For the full list of excipients, see section 6.1.

3. Pharmaceutical form

Suspension for injection in pre-filled syringe (injection).

Clear to slightly opalescent liquid.

4. Clinical particulars
4.1 Therapeutic indications

Prophylaxis of influenza in adults and children from 6 months of age.

Cell-based Trivalent Influenza Vaccine Seqirus should be used in accordance with official recommendations.

4.2 Posology and method of administration

Posology

Adults and children from 6 months of age:

Age Group

Dose

Schedule

6 months to < 9 years

One or twoa 0.5 mL doses

If 2 doses, administer at least 4 weeks apart

9 years of age and older

One 0.5 mL dose

Not applicable

a Children less than 9 years of age who have not been previously vaccinated against influenza, should receive a second dose.

The safety and efficacy of Cell-based Trivalent Influenza Vaccine Seqirus in children from birth to less than 6 months of age has not been established.

Method of administration

For intramuscular injection only.

The preferred site for injection is the deltoid muscle of the upper arm. Young children with insufficient deltoid mass should be vaccinated in the anterolateral aspect of the thigh.

The vaccine must not be injected intravenously, subcutaneously or intradermally and must not be mixed with other vaccines in the same syringe.

For instructions on the handling of the vaccine before administration, see section 6.6.

4.3 Contraindications

Hypersensitivity to the active substance, to any of the excipients listed in section 6.1, or to possible trace residues such as beta-propiolactone, cetyltrimethylammonium bromide, and polysorbate 80.

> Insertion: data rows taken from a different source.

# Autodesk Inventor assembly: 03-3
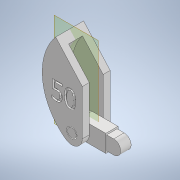
[picture p0: Inventor's stored thumbnail of the model, 180x180]
Saved by Autodesk Inventor 2022 (Build 260153000, 153)
## iProperties
Created: 2021-09-11
Part Number: 03-3
Document SubType Name: Assembly
Designer: 서울공업고등학교
Author: 서울공업고등학교
## Documents named in this file (3)
- C:\Users\서울공업고등학교\Documents\_9_11\3\03-3.iam
- C:\Users\서울공업고등학교\Documents\_9_11\3\03-1.ipt
- C:\Users\서울공업고등학교\Documents\_9_11\3\03-2.ipt
## Components (2 placed, 2 different names)
1. 03-1:1 — 메이트:1, 메이트:2
2. 03-2:1 — 메이트:1, 메이트:2
## Relationships (2: Mate 2)
- 메이트:1 [Mate] (0.5 mm): 03-1:1 ↔ 03-2:1
- 메이트:2 [Mate]: 03-1:1 ↔ 03-2:1
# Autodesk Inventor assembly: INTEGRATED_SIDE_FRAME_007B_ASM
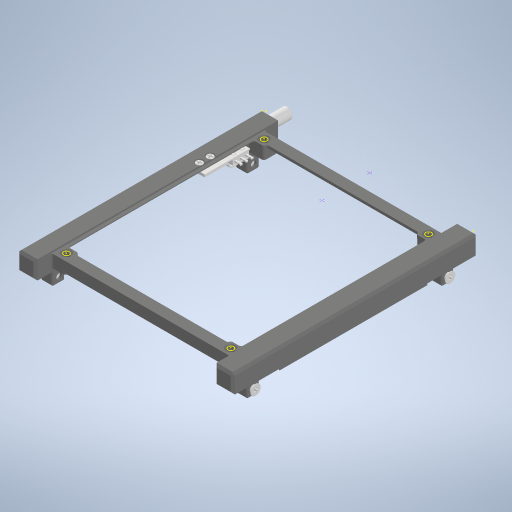
[picture p0: Inventor's stored thumbnail of the model, 512x512]
Saved by Autodesk Inventor 2023 (Build 270158000, 158)
## iProperties
Created: 2011-03-02
Part Number: INTEGRATED_SIDE_FRAME_007B_ASM
Description: NOT SPECIFIED
Document SubType Name: Assembly
Designer: maylo
Author: maylo
Revision Number: LAST_VERSION
## Documents named in this file (12)
- E:\Dropbox\AMSAT\Cube Sat Frame Info\ISIS\INTEGRATED_SIDE_FRAME_007B_ASM.iam
- E:\Dropbox\AMSAT\Cube Sat Frame Info\ISIS\KILL_SWITCH_AV46J_ASM.iam
- E:\Dropbox\AMSAT\Cube Sat Frame Info\ISIS\SCREW_M2_5X6.ipt
- E:\Dropbox\AMSAT\Cube Sat Frame Info\ISIS\BRACKET_KS_007B.ipt
- E:\Dropbox\AMSAT\Cube Sat Frame Info\ISIS\BRACKET_KS_007A.ipt
- E:\Dropbox\AMSAT\Cube Sat Frame Info\ISIS\BUSJE_001.ipt
- E:\Dropbox\AMSAT\Cube Sat Frame Info\ISIS\KILL_SWITCH_LEVER.ipt
- E:\Dropbox\AMSAT\Cube Sat Frame Info\ISIS\KILL_SWITCH_SWITCH.ipt
- E:\Dropbox\AMSAT\Cube Sat Frame Info\ISIS\SPRING_02.ipt
- E:\Dropbox\AMSAT\Cube Sat Frame Info\ISIS\KILL_SWITCH_PIN.ipt
- E:\Dropbox\AMSAT\Cube Sat Frame Info\ISIS\KS_MECH_SCREWS_ASM.iam
- E:\Dropbox\AMSAT\Cube Sat Frame Info\ISIS\SIDE_FRAME_007.ipt
## Components (14 placed, 14 different names)
1. KILL_SWITCH_AV46J_ASM_2 [sub-assembly]
2. SCREW_M2_5X6_3
3. SCREW_M2_5X6_4
4. BRACKET_KS_007B_5
5. BRACKET_KS_007A_6
6. SCREW_M2_5X6_7
7. BUSJE_001_8
8. KILL_SWITCH_LEVER_9
9. KILL_SWITCH_SWITCH_10
10. SPRING_02_11
11. SCREW_M2_5X6_12
12. KILL_SWITCH_PIN_13
13. KS_MECH_SCREWS_ASM_20 [sub-assembly]
14. SIDE_FRAME_007_21 — Mate:1, Angle:1
## Relationships (2: Mate 1, Angle 1)
- Mate:1: SIDE_FRAME_007_21
- Angle:1 (0 deg): SIDE_FRAME_007_21
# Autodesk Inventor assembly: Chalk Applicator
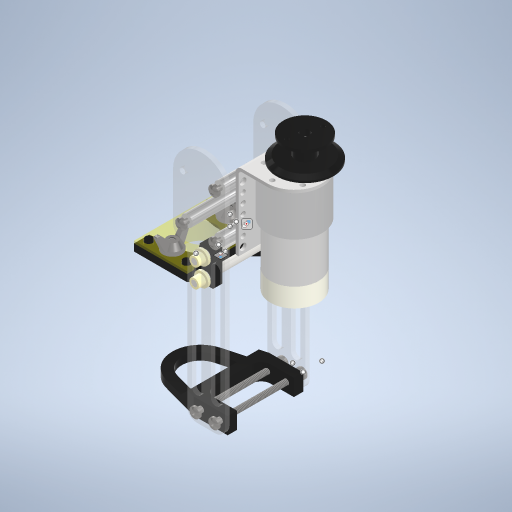
[picture p0: Inventor's stored thumbnail of the model, 512x512]
Saved by Autodesk Inventor 2024 (Build 280153000, 153)
## iProperties
Created: 2023-12-18
Part Number: Chalk Applicator
Document SubType Name: Assembly
Designer: greg
Author: greg
## Documents named in this file (13)
- C:\Users\greg\Documents\Inventor\Capstone\Chalk Applicator\Chalk Applicator.iam
- C:\Users\greg\Documents\Inventor\Capstone\Chalk Applicator\Cross Shaft.iam
- C:\Users\greg\Documents\Inventor\Capstone\Chalk Applicator\Side Plate.ipt
- C:\Users\greg\Documents\Inventor\Capstone\Chalk Applicator\Standoff.ipt
- C:\Users\greg\Documents\Inventor\Content Center Files\R2024\en-US\ANSI B18.6.3(60)\ANSI B18.6.3 - 6-32 UNC - 1.25(25).ipt
- C:\Users\greg\Documents\Inventor\Capstone\Chalk Applicator\Vince-Motor.iam
- C:\Users\greg\Documents\Inventor\Capstone\Chalk Applicator\Pulley.ipt
- C:\Users\greg\Documents\Inventor\Capstone\Chalk Applicator\Carriage.ipt
- C:\Users\greg\Documents\Inventor\Capstone\Chalk Applicator\Gripper.ipt
- C:\Users\greg\Documents\Inventor\Content Center Files\R2024\en-US\ANSI B18.6.3(24)\ANSI B18.6.3 - 10-24 UNC - 0.4375(4A).ipt
- C:\Users\greg\Documents\Inventor\Content Center Files\R2024\en-US\ANSI B18.22.1\ANSI B18.22.1 - No. 10 - Type A.ipt
- C:\Users\greg\Documents\Inventor\Content Center Files\R2024\en-US\ANSI B18.17(12)\ANSI B18.17 - No. 10 - 24 Light SeriesA (1).ipt
- C:\Users\greg\Documents\Inventor\Capstone\Chalk Applicator\Lower Guide.ipt
## Components (28 placed, 12 different names)
1. Side Plate:1 — Insert:6, Insert:7, Insert:8, Mate:21, Tangent:1, Mate:22, Tangent:2, Mate:27, Mate:39, Mate:40, Mate:41, Mate:42, Mate:43, Mate:44, Mate:45, Mate:46, Mate:47, Mate:48
2. Side Plate:2 — Insert:3, Insert:4, Insert:5, Mate:11, Mate:12, Mate:13, Mate:14, Mate:15, Mate:16, Mate:17, Mate:18, Mate:19, Mate:20, Mate:23, Mate:24, Flush:1
3. Cross Shaft:1 [sub-assembly] — Mate:22, Tangent:2, Mate:23, Mate:29
4. Cross Shaft:2 [sub-assembly] — Mate:21, Tangent:1, Mate:24, Mate:28, Mate:30
5. Standoff:3 — Insert:3, Insert:6, Tangent:3
6. Standoff:4 — Insert:4, Insert:8
7. Standoff:5 — Insert:5, Insert:7, Tangent:4, Tangent:5, Tangent:6
8. Square Recessed Pan Head Machine Screw - Type III - Inch (IFI) 6-32 UNC - 1.25:1 — Mate:39, Mate:40
9. Square Recessed Pan Head Machine Screw - Type III - Inch (IFI) 6-32 UNC - 1.25:6 — Mate:11, Mate:12
10. Square Recessed Pan Head Machine Screw - Type III - Inch (IFI) 6-32 UNC - 1.25:7 — Mate:13, Mate:14
11. Square Recessed Pan Head Machine Screw - Type III - Inch (IFI) 6-32 UNC - 1.25:8 — Mate:15, Mate:16
12. Square Recessed Pan Head Machine Screw - Type III - Inch (IFI) 6-32 UNC - 1.25:9 — Mate:17, Mate:18
13. Square Recessed Pan Head Machine Screw - Type III - Inch (IFI) 6-32 UNC - 1.25:10 — Mate:19, Mate:20
14. Vince-Motor:2 [sub-assembly] — Tangent:3, Tangent:4, Tangent:5, Tangent:6, Mate:25, Mate:26, Mate:27
15. Pulley:1 — Mate:25, Mate:26
16. Carriage:1 — Mate:28, Mate:29, Mate:30, Insert:11, Insert:12, Mate:31, Mate:32, Mate:33, Mate:34, Mate:35, Mate:37
17. Gripper:1 — Insert:11, Insert:12, Mate:36, Mate:38
18. Lower Guide:1 — Flush:1
19. Cross Recessed Pan Head Machine Screw - Type I - Inch No. 10 - 24 - 7/16:1 — Mate:31, Mate:32
20. Plain Washer (Inch) No. 10 - Type A:1 — Mate:35, Mate:36, Insert:13
21. Type A - Wing Nut - Inch No. 10 - 24 Light Series:1 — Insert:13
22. Cross Recessed Pan Head Machine Screw - Type I - Inch No. 10 - 24 - 7/16:2 — Mate:33, Mate:34
23. Plain Washer (Inch) No. 10 - Type A:2 — Mate:37, Mate:38, Insert:14
24. Type A - Wing Nut - Inch No. 10 - 24 Light Series:2 — Insert:14
25. Square Recessed Pan Head Machine Screw - Type III - Inch (IFI) 6-32 UNC - 1.25:11 — Mate:41, Mate:42
26. Square Recessed Pan Head Machine Screw - Type III - Inch (IFI) 6-32 UNC - 1.25:12 — Mate:43, Mate:44
27. Square Recessed Pan Head Machine Screw - Type III - Inch (IFI) 6-32 UNC - 1.25:13 — Mate:45, Mate:46
28. Square Recessed Pan Head Machine Screw - Type III - Inch (IFI) 6-32 UNC - 1.25:14 — Mate:47, Mate:48
## Relationships (55: Mate 38, Insert 10, Tangent 6, Flush 1)
- Insert:3: Side Plate:2 ↔ Standoff:3
- Insert:4: Side Plate:2 ↔ Standoff:4
- Insert:5: Side Plate:2 ↔ Standoff:5
- Insert:6: Side Plate:1 ↔ Standoff:3
- Insert:7: Side Plate:1 ↔ Standoff:5
- Insert:8: Side Plate:1 ↔ Standoff:4
- Mate:11: Side Plate:2 ↔ Square Recessed Pan Head Machine Screw - Type III - Inch (IFI) 6-32 UNC - 1.25:6
- Mate:12: Side Plate:2 ↔ Square Recessed Pan Head Machine Screw - Type III - Inch (IFI) 6-32 UNC - 1.25:6
- Mate:13: Side Plate:2 ↔ Square Recessed Pan Head Machine Screw - Type III - Inch (IFI) 6-32 UNC - 1.25:7
- Mate:14: Side Plate:2 ↔ Square Recessed Pan Head Machine Screw - Type III - Inch (IFI) 6-32 UNC - 1.25:7
- Mate:15: Side Plate:2 ↔ Square Recessed Pan Head Machine Screw - Type III - Inch (IFI) 6-32 UNC - 1.25:8
- Mate:16: Side Plate:2 ↔ Square Recessed Pan Head Machine Screw - Type III - Inch (IFI) 6-32 UNC - 1.25:8
- Mate:17: Side Plate:2 ↔ Square Recessed Pan Head Machine Screw - Type III - Inch (IFI) 6-32 UNC - 1.25:9
- Mate:18: Side Plate:2 ↔ Square Recessed Pan Head Machine Screw - Type III - Inch (IFI) 6-32 UNC - 1.25:9
- Mate:19: Side Plate:2 ↔ Square Recessed Pan Head Machine Screw - Type III - Inch (IFI) 6-32 UNC - 1.25:10
- Mate:20: Side Plate:2 ↔ Square Recessed Pan Head Machine Screw - Type III - Inch (IFI) 6-32 UNC - 1.25:10
- Mate:21: Side Plate:1 ↔ Cross Shaft:2
- Tangent:1: Side Plate:1 ↔ Cross Shaft:2
- Mate:22: Side Plate:1 ↔ Cross Shaft:1
- Tangent:2: Side Plate:1 ↔ Cross Shaft:1
- Mate:23: Side Plate:2 ↔ Cross Shaft:1
- Mate:24: Side Plate:2 ↔ Cross Shaft:2
- Tangent:3: Standoff:3 ↔ Vince-Motor:2
- Tangent:4: Standoff:5 ↔ Vince-Motor:2
- Tangent:5: Standoff:5 ↔ Vince-Motor:2
- Tangent:6: Standoff:5 ↔ Vince-Motor:2
- Mate:25: Vince-Motor:2 ↔ Pulley:1
- Mate:26: Vince-Motor:2 ↔ Pulley:1
- Mate:27 (6.6675 mm): Side Plate:1 ↔ Vince-Motor:2
- Mate:28: Cross Shaft:2 ↔ Carriage:1
- Mate:29: Cross Shaft:1 ↔ Carriage:1
- Mate:30 (1.5875 mm): Cross Shaft:2 ↔ Carriage:1
- Insert:11: Carriage:1 ↔ Gripper:1
- Insert:12: Carriage:1 ↔ Gripper:1
- Mate:31: Carriage:1 ↔ Cross Recessed Pan Head Machine Screw - Type I - Inch No. 10 - 24 - 7/16:1
- Mate:32: Carriage:1 ↔ Cross Recessed Pan Head Machine Screw - Type I - Inch No. 10 - 24 - 7/16:1
- Mate:33: Carriage:1 ↔ Cross Recessed Pan Head Machine Screw - Type I - Inch No. 10 - 24 - 7/16:2
- Mate:34: Carriage:1 ↔ Cross Recessed Pan Head Machine Screw - Type I - Inch No. 10 - 24 - 7/16:2
- Mate:35: Carriage:1 ↔ Plain Washer (Inch) No. 10 - Type A:1
- Mate:36: Gripper:1 ↔ Plain Washer (Inch) No. 10 - Type A:1
- Mate:37: Carriage:1 ↔ Plain Washer (Inch) No. 10 - Type A:2
- Mate:38: Gripper:1 ↔ Plain Washer (Inch) No. 10 - Type A:2
- Insert:13: Plain Washer (Inch) No. 10 - Type A:1 ↔ Type A - Wing Nut - Inch No. 10 - 24 Light Series:1
- Insert:14: Plain Washer (Inch) No. 10 - Type A:2 ↔ Type A - Wing Nut - Inch No. 10 - 24 Light Series:2
- Flush:1: Side Plate:2 ↔ Lower Guide:1
- Mate:39: Side Plate:1 ↔ Square Recessed Pan Head Machine Screw - Type III - Inch (IFI) 6-32 UNC - 1.25:1
- Mate:40: Side Plate:1 ↔ Square Recessed Pan Head Machine Screw - Type III - Inch (IFI) 6-32 UNC - 1.25:1
- Mate:41: Side Plate:1 ↔ Square Recessed Pan Head Machine Screw - Type III - Inch (IFI) 6-32 UNC - 1.25:11
- Mate:42: Side Plate:1 ↔ Square Recessed Pan Head Machine Screw - Type III - Inch (IFI) 6-32 UNC - 1.25:11
- Mate:43: Side Plate:1 ↔ Square Recessed Pan Head Machine Screw - Type III - Inch (IFI) 6-32 UNC - 1.25:12
- Mate:44: Side Plate:1 ↔ Square Recessed Pan Head Machine Screw - Type III - Inch (IFI) 6-32 UNC - 1.25:12
- Mate:45: Side Plate:1 ↔ Square Recessed Pan Head Machine Screw - Type III - Inch (IFI) 6-32 UNC - 1.25:13
- Mate:46: Side Plate:1 ↔ Square Recessed Pan Head Machine Screw - Type III - Inch (IFI) 6-32 UNC - 1.25:13
- Mate:47: Side Plate:1 ↔ Square Recessed Pan Head Machine Screw - Type III - Inch (IFI) 6-32 UNC - 1.25:14
- Mate:48: Side Plate:1 ↔ Square Recessed Pan Head Machine Screw - Type III - Inch (IFI) 6-32 UNC - 1.25:14

4.4 Special warnings and precautions for use

Traceability

In order to improve the traceability of biological medicinal products, the name and the batch number of the administered product should be clearly recorded.

Appropriate medical treatment and supervision should always be readily available in case of a rare anaphylactic event following the administration of the vaccine.

Vaccination should be postponed in patients with febrile illness until the fever is resolved.

As with all injectable vaccines, Cell-based Trivalent Influenza Seqirus must be administered with caution to individuals with thrombocytopenia or a bleeding disorder since bleeding may occur following an intramuscular administration.

Syncope (fainting) can occur following, or even before, any vaccination as a psychogenic response to the needle injection. This can be accompanied by several neurological signs such as transient visual disturbance, paraesthesia and tonic-clonic limb movements during recovery. It is important that procedures are in place to avoid injury from faints.

Antibody response in patients with endogenous or iatrogenic immunosuppression may be insufficient to prevent influenza.

A protective immune response may not be elicited in all vaccine recipients.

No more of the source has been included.